What you have to do
As soon as the line containing "line L19 (-21.9322, 48.9064)" appears in the material below, start returning lines exactly, and end with the line containing "line L19 (15.8789, -123.825)".

Records to use
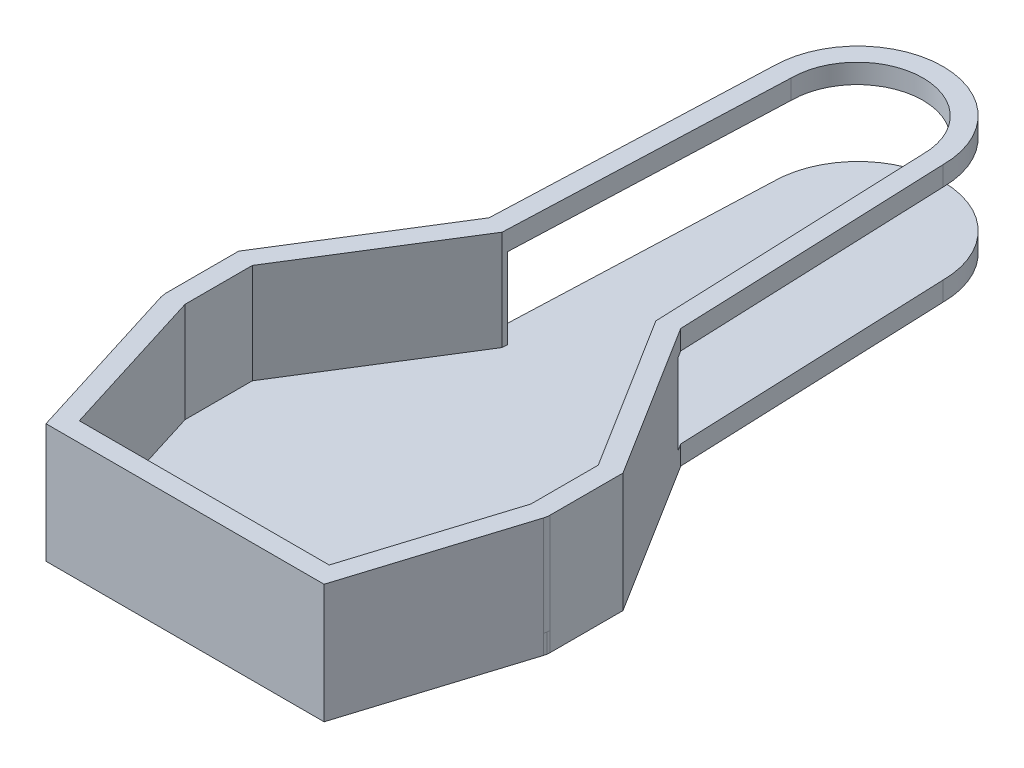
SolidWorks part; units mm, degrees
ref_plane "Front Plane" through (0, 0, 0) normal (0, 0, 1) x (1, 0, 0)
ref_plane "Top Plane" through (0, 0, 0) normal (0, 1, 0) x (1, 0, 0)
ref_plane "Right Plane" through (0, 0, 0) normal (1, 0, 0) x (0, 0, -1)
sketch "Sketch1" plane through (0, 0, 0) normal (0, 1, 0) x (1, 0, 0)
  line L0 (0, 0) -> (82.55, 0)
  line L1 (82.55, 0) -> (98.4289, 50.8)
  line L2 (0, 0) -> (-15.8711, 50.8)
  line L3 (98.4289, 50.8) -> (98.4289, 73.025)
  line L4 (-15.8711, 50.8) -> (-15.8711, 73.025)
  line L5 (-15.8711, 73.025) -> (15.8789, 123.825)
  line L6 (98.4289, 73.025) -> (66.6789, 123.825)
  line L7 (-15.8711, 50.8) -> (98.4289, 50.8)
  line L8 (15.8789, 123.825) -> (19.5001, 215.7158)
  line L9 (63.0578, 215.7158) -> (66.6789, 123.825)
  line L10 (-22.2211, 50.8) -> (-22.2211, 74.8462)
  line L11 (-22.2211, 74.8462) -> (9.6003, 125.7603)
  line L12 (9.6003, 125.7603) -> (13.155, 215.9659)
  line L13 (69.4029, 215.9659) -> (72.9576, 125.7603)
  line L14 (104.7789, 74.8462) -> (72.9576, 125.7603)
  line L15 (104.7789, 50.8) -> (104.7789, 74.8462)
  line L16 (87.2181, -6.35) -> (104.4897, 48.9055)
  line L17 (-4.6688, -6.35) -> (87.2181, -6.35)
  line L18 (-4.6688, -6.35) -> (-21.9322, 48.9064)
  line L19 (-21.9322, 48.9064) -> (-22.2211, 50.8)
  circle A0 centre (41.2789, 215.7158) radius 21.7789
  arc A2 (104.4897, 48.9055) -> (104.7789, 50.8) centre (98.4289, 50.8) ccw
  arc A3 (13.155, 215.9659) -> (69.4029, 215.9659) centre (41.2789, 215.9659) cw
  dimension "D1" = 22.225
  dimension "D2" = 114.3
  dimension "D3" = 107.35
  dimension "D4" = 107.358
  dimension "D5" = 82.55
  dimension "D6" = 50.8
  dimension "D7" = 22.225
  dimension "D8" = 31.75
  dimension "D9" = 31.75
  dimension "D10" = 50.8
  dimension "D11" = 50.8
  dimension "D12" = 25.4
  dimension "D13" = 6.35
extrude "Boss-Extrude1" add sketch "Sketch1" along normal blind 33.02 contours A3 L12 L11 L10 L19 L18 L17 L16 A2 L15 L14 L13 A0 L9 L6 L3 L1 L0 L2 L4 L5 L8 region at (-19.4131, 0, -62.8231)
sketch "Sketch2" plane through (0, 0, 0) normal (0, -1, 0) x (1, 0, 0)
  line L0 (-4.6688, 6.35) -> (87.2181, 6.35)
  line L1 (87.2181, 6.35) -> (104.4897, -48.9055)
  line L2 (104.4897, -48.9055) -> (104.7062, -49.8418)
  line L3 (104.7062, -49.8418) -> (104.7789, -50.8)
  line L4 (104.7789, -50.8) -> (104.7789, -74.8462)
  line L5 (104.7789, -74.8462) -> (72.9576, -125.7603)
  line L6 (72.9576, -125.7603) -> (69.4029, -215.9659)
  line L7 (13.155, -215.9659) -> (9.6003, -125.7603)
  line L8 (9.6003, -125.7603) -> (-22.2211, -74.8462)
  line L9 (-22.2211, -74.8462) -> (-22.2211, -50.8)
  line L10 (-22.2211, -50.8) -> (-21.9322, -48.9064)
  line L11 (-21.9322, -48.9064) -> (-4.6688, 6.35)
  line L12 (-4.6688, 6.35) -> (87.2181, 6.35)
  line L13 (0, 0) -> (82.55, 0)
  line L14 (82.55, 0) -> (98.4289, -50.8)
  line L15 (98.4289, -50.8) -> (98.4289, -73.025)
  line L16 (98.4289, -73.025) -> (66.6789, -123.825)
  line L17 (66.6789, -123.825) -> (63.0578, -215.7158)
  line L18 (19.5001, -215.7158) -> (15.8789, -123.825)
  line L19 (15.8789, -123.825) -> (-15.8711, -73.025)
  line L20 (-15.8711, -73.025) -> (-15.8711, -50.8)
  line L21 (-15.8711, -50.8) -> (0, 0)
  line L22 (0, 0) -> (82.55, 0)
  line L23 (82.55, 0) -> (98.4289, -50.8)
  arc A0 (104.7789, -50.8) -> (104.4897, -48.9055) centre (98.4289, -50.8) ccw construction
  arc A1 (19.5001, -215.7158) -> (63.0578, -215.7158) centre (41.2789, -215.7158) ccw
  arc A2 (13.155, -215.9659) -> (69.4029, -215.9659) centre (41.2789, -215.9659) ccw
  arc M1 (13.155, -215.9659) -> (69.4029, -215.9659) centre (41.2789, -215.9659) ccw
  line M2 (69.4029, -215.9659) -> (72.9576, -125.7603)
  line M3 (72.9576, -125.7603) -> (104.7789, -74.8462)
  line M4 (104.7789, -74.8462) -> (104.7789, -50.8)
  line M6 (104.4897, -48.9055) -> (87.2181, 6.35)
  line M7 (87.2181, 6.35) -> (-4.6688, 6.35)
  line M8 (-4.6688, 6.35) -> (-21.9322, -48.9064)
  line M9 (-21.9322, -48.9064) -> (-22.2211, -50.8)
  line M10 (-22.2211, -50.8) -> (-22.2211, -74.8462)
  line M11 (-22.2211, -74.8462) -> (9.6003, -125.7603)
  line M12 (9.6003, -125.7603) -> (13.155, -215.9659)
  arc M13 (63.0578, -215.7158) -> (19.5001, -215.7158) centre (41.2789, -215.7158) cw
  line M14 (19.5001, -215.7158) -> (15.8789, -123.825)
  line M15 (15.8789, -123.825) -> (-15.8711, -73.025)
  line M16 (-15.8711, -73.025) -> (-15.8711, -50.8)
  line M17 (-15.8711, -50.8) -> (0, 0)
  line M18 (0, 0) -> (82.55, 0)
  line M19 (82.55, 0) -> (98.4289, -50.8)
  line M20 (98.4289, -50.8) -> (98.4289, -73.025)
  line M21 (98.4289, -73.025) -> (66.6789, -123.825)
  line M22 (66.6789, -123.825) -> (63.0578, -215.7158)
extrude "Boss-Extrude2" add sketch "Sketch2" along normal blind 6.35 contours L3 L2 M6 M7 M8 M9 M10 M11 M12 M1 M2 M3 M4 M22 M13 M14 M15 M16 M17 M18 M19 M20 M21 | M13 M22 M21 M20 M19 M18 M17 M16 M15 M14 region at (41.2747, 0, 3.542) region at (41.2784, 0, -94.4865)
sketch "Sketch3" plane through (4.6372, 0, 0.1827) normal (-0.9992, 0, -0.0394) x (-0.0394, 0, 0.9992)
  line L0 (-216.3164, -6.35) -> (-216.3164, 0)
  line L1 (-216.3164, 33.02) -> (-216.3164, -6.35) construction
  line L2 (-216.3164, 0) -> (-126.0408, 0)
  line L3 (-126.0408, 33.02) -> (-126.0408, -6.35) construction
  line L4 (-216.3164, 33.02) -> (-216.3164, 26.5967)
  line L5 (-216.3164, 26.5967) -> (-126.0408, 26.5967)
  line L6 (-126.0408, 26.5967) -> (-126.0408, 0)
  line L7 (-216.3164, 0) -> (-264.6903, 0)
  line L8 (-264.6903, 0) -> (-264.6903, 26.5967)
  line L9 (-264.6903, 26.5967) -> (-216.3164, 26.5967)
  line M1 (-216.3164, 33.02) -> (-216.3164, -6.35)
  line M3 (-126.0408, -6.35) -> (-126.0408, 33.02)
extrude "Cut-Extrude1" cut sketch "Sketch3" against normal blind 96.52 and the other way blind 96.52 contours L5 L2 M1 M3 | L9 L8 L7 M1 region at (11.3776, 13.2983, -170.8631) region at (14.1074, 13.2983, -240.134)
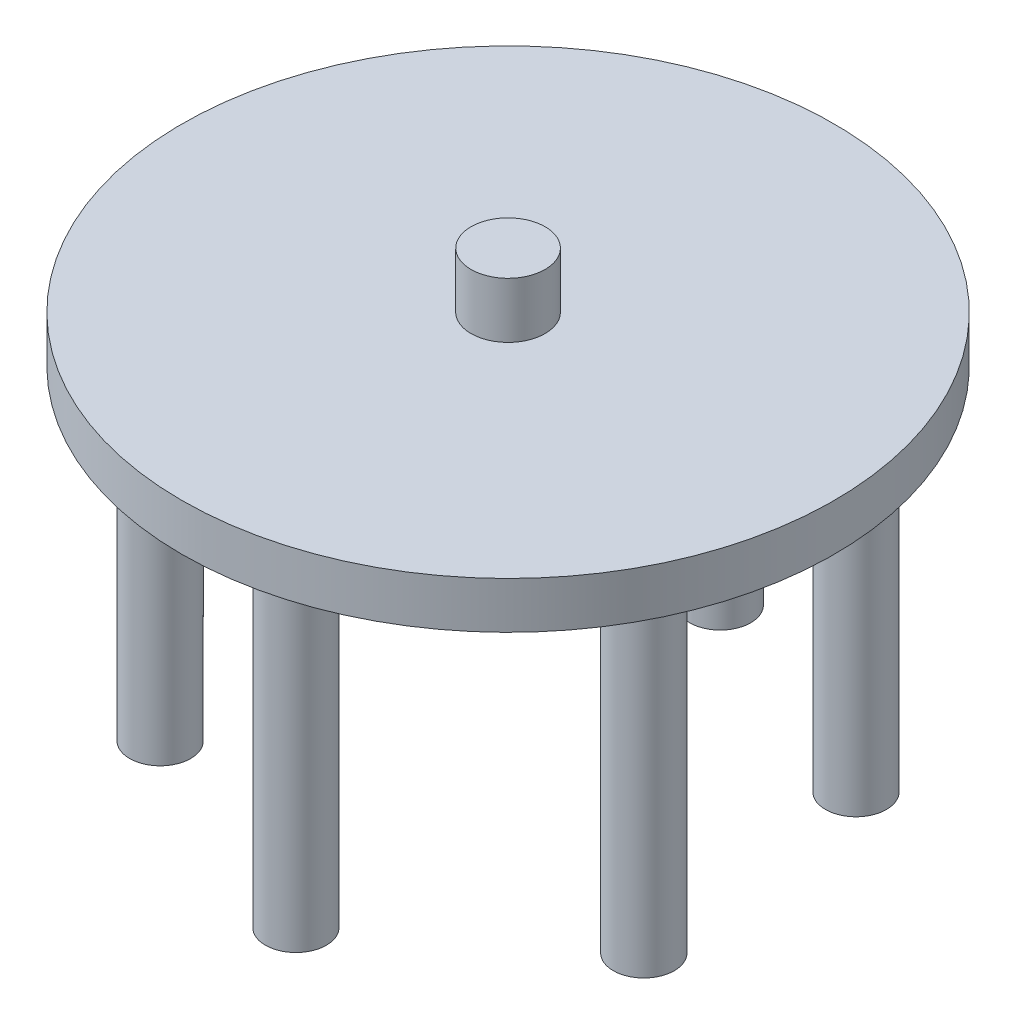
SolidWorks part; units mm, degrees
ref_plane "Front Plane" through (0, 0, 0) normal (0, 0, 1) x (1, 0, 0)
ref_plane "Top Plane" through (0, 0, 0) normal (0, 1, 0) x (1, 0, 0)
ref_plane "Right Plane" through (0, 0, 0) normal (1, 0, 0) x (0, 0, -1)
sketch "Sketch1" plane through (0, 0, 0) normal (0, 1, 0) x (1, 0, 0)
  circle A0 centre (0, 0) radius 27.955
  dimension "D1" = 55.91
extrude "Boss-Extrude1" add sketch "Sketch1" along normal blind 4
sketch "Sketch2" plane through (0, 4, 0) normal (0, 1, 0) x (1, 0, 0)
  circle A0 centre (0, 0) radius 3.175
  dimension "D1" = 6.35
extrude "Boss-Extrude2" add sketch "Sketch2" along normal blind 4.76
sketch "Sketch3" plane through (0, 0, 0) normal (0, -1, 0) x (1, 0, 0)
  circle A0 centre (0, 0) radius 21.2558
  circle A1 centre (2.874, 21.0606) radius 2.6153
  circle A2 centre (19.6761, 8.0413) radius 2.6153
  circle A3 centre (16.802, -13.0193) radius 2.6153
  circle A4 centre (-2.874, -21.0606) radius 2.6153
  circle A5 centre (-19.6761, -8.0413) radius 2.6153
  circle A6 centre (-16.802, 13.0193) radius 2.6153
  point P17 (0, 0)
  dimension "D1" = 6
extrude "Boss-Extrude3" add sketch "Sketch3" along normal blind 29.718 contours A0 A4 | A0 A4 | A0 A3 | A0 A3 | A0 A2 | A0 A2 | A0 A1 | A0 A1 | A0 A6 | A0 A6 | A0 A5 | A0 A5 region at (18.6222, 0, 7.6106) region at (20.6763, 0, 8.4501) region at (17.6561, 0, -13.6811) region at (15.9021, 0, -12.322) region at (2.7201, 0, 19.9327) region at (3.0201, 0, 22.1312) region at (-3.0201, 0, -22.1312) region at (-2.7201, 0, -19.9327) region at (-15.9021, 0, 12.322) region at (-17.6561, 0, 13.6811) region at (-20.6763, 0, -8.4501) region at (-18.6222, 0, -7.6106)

Result
  line L19 (-21.9322, 48.9064) -> (-22.2211, 50.8)
  circle A0 centre (41.2789, 215.7158) radius 21.7789
  arc A2 (104.4897, 48.9055) -> (104.7789, 50.8) centre (98.4289, 50.8) ccw
  arc A3 (13.155, 215.9659) -> (69.4029, 215.9659) centre (41.2789, 215.9659) cw
  dimension "D1" = 22.225
  dimension "D2" = 114.3
  dimension "D3" = 107.35
  dimension "D4" = 107.358
  dimension "D5" = 82.55
  dimension "D6" = 50.8
  dimension "D7" = 22.225
  dimension "D8" = 31.75
  dimension "D9" = 31.75
  dimension "D10" = 50.8
  dimension "D11" = 50.8
  dimension "D12" = 25.4
  dimension "D13" = 6.35
extrude "Boss-Extrude1" add sketch "Sketch1" along normal blind 33.02 contours A3 L12 L11 L10 L19 L18 L17 L16 A2 L15 L14 L13 A0 L9 L6 L3 L1 L0 L2 L4 L5 L8 region at (-19.4131, 0, -62.8231)
sketch "Sketch2" plane through (0, 0, 0) normal (0, -1, 0) x (1, 0, 0)
  line L0 (-4.6688, 6.35) -> (87.2181, 6.35)
  line L1 (87.2181, 6.35) -> (104.4897, -48.9055)
  line L2 (104.4897, -48.9055) -> (104.7062, -49.8418)
  line L3 (104.7062, -49.8418) -> (104.7789, -50.8)
  line L4 (104.7789, -50.8) -> (104.7789, -74.8462)
  line L5 (104.7789, -74.8462) -> (72.9576, -125.7603)
  line L6 (72.9576, -125.7603) -> (69.4029, -215.9659)
  line L7 (13.155, -215.9659) -> (9.6003, -125.7603)
  line L8 (9.6003, -125.7603) -> (-22.2211, -74.8462)
  line L9 (-22.2211, -74.8462) -> (-22.2211, -50.8)
  line L10 (-22.2211, -50.8) -> (-21.9322, -48.9064)
  line L11 (-21.9322, -48.9064) -> (-4.6688, 6.35)
  line L12 (-4.6688, 6.35) -> (87.2181, 6.35)
  line L13 (0, 0) -> (82.55, 0)
  line L14 (82.55, 0) -> (98.4289, -50.8)
  line L15 (98.4289, -50.8) -> (98.4289, -73.025)
  line L16 (98.4289, -73.025) -> (66.6789, -123.825)
  line L17 (66.6789, -123.825) -> (63.0578, -215.7158)
  line L18 (19.5001, -215.7158) -> (15.8789, -123.825)
  line L19 (15.8789, -123.825) -> (-15.8711, -73.025)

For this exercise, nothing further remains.